For the data below, say how many lines contain "after". Only the number should be given.
--- START ---
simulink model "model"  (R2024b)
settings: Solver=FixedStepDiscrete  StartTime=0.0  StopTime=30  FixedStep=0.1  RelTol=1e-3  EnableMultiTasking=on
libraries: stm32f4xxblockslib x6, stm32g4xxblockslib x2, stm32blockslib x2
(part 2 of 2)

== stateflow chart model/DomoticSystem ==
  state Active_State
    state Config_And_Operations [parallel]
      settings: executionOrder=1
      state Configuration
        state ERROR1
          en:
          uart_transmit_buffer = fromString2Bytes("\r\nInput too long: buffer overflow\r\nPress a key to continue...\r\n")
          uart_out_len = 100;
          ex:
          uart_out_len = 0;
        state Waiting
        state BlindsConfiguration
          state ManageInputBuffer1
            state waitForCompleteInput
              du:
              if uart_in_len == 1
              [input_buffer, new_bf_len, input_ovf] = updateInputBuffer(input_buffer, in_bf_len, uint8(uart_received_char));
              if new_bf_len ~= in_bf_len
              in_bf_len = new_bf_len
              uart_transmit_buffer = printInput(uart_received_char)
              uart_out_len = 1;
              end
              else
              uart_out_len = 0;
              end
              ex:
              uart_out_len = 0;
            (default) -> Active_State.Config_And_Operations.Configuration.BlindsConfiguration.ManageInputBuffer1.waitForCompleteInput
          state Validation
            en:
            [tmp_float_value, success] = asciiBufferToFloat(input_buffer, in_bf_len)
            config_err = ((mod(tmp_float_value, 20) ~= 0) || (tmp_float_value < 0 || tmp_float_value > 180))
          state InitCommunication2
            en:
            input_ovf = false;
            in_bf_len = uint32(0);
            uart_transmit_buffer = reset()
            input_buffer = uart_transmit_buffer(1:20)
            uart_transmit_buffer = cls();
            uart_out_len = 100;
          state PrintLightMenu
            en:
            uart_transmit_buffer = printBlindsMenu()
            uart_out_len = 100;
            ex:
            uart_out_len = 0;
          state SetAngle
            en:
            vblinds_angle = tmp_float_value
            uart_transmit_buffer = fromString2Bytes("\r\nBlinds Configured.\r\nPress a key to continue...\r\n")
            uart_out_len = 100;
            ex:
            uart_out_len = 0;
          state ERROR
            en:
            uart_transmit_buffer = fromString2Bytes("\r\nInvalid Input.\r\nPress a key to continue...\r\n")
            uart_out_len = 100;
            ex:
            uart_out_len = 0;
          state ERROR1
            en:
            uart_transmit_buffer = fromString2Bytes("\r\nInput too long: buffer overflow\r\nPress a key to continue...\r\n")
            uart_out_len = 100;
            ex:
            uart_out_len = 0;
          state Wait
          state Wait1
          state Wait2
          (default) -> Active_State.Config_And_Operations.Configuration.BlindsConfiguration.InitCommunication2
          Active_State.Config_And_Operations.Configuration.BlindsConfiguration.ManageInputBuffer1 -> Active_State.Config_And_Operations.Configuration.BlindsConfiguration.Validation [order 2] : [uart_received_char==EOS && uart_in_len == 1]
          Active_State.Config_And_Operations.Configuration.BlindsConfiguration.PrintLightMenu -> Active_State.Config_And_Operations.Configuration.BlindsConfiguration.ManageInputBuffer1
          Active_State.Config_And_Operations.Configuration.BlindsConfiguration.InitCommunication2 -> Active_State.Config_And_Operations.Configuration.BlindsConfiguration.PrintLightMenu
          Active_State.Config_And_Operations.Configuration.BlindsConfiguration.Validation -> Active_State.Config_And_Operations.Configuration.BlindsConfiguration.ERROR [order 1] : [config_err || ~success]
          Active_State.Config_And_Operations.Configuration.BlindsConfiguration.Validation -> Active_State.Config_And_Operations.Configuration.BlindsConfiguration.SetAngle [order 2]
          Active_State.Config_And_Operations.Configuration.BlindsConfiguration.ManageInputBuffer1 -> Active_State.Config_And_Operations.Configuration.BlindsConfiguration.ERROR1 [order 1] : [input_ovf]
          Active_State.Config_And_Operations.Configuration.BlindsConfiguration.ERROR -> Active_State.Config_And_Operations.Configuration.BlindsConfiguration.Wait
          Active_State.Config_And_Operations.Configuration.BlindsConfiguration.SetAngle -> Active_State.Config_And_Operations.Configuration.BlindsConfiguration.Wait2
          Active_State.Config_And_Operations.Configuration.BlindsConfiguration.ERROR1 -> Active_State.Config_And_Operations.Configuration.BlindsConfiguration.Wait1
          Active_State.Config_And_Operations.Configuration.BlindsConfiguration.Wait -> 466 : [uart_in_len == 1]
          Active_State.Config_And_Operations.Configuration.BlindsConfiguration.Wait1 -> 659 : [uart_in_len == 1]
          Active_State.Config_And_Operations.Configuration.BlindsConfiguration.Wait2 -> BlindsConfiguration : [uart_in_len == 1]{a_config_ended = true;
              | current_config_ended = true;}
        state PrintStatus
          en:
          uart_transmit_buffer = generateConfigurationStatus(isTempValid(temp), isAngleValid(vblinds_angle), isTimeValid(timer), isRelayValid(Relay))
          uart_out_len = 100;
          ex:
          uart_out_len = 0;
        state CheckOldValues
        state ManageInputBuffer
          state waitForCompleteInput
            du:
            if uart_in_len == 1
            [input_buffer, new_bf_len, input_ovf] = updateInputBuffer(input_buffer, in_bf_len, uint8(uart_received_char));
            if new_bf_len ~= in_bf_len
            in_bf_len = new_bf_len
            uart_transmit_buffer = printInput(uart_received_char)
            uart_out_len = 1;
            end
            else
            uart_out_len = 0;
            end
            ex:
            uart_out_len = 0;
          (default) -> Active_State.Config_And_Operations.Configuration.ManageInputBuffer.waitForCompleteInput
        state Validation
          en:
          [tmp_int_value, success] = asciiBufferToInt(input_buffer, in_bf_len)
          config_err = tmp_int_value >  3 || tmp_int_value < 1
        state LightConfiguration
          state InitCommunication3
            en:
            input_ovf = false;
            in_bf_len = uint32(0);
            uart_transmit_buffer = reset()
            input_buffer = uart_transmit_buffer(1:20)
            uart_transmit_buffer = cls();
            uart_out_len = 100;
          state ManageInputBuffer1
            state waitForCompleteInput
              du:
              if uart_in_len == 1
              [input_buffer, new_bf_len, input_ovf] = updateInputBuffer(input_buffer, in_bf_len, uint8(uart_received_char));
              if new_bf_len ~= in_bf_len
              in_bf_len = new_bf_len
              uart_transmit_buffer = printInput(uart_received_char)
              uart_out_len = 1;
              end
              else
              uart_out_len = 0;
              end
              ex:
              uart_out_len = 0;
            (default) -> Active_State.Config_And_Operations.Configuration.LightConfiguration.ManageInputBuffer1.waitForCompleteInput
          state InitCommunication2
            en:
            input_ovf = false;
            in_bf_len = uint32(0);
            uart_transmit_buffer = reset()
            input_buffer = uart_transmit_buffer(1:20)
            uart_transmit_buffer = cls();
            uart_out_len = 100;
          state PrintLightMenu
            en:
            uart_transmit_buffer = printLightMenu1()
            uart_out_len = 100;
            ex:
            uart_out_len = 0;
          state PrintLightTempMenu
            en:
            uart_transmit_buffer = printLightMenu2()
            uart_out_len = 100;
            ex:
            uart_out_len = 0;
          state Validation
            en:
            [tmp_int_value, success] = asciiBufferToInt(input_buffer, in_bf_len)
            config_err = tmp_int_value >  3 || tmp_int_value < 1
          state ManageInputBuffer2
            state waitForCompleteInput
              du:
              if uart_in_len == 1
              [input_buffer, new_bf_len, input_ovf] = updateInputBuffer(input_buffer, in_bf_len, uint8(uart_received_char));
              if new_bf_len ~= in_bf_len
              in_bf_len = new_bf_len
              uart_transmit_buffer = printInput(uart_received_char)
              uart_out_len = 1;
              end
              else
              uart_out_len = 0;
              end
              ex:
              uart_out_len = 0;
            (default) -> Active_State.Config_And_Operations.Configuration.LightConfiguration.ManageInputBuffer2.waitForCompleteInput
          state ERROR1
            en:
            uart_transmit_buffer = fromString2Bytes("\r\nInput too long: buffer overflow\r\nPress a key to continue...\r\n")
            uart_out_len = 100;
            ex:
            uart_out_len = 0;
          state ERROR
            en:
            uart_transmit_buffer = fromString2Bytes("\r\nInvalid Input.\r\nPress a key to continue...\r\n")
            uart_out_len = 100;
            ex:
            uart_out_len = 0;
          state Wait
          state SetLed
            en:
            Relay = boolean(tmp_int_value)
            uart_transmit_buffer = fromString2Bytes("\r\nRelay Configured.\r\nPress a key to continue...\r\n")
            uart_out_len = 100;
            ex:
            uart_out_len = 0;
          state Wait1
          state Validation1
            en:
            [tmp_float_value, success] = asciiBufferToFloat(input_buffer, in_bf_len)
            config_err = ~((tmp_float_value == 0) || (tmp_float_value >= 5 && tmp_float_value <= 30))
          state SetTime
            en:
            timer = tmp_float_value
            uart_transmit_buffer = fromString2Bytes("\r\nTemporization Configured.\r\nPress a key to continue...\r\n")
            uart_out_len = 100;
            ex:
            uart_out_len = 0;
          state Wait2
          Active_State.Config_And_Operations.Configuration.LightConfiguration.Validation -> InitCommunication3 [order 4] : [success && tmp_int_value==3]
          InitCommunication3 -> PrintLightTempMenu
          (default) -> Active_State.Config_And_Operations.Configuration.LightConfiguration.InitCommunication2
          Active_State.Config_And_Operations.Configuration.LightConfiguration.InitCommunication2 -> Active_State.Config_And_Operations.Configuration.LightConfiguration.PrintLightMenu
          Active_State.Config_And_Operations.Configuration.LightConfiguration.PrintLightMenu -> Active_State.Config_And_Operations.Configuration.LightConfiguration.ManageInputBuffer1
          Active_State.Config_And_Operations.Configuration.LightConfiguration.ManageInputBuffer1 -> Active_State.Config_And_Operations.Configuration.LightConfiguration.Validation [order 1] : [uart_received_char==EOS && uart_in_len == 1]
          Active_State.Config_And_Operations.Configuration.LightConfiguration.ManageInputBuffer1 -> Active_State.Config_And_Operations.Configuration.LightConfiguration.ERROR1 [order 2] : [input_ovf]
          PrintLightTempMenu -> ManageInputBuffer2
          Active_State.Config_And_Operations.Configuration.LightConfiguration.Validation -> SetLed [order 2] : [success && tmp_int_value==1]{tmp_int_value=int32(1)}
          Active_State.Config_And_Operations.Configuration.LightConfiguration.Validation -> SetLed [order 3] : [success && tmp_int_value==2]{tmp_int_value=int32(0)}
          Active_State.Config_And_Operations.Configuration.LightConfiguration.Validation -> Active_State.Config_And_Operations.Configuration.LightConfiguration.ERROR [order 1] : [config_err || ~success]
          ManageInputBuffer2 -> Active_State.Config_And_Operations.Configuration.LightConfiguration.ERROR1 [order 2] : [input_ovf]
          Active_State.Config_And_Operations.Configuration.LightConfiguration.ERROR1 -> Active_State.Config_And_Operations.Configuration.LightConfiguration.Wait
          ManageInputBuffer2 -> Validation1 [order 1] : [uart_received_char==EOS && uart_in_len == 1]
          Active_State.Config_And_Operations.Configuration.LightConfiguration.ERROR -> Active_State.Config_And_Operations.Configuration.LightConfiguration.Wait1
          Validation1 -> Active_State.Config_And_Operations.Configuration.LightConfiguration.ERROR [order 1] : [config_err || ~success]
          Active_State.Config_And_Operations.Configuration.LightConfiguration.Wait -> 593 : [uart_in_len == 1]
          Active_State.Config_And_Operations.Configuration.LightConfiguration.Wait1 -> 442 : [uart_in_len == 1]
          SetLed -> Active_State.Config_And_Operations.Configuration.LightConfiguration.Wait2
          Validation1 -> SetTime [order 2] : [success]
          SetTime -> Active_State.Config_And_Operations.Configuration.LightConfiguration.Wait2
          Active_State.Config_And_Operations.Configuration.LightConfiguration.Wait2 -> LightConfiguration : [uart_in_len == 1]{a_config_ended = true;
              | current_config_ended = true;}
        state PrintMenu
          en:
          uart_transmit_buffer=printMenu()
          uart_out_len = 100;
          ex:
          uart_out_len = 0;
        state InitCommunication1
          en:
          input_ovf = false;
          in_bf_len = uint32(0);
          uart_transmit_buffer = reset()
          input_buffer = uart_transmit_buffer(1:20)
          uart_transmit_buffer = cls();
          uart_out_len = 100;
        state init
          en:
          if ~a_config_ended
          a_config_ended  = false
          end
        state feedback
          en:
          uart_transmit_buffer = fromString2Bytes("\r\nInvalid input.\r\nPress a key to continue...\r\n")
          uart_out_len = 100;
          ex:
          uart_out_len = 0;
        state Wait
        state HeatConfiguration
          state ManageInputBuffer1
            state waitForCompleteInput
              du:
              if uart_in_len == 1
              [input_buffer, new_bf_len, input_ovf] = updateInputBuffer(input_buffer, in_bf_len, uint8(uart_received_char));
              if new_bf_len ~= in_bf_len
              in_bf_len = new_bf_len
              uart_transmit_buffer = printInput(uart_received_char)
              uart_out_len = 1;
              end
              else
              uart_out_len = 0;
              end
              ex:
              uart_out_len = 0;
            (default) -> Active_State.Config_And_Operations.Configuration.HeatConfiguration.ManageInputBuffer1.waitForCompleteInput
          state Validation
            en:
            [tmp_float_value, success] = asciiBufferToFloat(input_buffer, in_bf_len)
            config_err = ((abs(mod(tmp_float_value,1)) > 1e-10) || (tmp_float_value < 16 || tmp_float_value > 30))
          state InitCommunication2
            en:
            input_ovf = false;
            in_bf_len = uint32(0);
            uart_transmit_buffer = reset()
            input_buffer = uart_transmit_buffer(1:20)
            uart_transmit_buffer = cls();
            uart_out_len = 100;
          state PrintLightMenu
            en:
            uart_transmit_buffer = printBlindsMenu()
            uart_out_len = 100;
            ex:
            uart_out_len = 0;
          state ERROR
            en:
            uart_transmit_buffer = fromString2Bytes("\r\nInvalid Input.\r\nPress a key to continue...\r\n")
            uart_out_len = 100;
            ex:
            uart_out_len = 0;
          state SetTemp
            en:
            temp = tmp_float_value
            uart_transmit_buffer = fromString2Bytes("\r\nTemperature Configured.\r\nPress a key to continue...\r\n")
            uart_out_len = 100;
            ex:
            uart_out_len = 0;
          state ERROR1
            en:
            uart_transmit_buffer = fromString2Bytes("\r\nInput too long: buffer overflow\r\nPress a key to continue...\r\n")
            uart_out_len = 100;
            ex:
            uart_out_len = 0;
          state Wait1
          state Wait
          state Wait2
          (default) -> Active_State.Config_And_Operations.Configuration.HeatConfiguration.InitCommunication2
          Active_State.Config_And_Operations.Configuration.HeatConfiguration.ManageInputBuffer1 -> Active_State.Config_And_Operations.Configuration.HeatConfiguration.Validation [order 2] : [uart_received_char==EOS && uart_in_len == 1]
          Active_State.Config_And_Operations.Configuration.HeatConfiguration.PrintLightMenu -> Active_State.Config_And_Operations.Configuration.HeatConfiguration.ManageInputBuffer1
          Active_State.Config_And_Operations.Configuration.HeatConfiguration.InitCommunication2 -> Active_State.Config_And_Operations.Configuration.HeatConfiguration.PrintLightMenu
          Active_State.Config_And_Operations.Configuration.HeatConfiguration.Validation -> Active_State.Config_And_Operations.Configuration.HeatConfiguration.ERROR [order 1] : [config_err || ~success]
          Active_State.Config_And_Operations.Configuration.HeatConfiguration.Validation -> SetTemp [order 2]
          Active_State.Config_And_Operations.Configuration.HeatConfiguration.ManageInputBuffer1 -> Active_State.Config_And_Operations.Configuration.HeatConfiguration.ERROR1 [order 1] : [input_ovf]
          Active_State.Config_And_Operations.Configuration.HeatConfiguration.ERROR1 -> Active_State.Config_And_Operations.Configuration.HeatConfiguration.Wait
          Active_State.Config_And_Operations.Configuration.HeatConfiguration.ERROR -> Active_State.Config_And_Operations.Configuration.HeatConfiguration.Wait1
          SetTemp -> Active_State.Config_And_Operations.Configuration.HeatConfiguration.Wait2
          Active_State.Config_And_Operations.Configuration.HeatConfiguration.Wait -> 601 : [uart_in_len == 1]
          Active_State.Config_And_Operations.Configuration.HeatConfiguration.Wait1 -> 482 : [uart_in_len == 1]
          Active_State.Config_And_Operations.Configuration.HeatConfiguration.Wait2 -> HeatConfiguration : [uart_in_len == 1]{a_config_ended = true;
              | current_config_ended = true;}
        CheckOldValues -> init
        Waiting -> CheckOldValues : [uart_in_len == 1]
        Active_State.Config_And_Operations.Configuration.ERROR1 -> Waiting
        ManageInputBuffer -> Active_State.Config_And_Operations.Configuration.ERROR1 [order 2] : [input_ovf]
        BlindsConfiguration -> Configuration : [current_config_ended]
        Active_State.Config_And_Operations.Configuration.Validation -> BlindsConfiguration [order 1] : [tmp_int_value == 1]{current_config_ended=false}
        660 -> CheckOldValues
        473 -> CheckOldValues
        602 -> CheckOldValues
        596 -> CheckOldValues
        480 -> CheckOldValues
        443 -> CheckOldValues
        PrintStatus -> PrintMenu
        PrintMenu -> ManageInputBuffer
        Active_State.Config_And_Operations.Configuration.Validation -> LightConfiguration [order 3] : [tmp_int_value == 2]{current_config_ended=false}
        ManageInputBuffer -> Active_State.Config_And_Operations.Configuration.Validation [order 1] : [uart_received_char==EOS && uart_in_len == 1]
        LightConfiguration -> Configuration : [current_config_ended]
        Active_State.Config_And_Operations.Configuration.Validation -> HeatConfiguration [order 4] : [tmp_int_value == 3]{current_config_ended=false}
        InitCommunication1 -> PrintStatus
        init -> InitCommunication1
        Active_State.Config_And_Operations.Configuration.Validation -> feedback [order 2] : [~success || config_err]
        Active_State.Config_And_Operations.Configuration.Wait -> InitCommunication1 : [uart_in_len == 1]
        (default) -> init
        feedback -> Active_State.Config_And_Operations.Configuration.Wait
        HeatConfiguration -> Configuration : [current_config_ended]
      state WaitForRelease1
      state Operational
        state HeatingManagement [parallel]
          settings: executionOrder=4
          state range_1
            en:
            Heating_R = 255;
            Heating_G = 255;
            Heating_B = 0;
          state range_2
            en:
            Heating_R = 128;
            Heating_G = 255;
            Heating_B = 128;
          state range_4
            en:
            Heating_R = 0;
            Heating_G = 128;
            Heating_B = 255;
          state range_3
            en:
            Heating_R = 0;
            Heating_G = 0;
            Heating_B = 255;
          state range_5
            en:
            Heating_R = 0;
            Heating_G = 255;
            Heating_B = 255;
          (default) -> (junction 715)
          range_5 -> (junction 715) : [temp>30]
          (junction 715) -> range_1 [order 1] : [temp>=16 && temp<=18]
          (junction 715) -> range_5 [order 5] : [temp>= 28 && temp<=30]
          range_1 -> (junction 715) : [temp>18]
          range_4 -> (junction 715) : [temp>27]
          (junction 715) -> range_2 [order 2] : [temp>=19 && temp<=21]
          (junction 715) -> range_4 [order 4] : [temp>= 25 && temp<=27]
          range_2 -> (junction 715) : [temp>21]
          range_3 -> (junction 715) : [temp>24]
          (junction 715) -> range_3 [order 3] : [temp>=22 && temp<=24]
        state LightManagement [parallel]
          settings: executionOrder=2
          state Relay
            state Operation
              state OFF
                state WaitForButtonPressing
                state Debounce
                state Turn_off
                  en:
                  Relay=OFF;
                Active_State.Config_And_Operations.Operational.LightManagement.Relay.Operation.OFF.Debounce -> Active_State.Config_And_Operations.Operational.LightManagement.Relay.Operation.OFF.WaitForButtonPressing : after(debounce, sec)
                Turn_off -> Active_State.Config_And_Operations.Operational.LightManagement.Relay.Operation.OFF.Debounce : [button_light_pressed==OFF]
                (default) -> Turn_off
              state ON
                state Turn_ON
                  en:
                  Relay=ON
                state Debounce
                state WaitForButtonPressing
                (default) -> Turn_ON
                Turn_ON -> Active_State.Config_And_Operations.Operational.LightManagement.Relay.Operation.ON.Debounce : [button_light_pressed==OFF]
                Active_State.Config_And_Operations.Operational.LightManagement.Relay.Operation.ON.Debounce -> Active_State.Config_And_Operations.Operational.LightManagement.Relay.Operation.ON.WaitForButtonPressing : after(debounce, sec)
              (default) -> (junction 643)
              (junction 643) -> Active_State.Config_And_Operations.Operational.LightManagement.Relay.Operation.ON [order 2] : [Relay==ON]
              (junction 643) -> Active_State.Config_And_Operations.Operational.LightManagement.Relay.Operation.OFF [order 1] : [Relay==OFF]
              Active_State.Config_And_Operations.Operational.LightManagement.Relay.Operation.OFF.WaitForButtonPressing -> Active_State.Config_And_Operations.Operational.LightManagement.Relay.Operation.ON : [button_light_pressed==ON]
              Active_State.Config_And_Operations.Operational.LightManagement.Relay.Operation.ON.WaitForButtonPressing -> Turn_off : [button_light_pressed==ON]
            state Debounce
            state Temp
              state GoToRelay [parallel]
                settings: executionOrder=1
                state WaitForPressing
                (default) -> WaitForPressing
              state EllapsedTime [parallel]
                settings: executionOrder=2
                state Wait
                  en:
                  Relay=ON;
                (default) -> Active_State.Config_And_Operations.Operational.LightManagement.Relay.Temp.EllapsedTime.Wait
--- END ---
◆ ANSWER TO THIS PROBLEM
2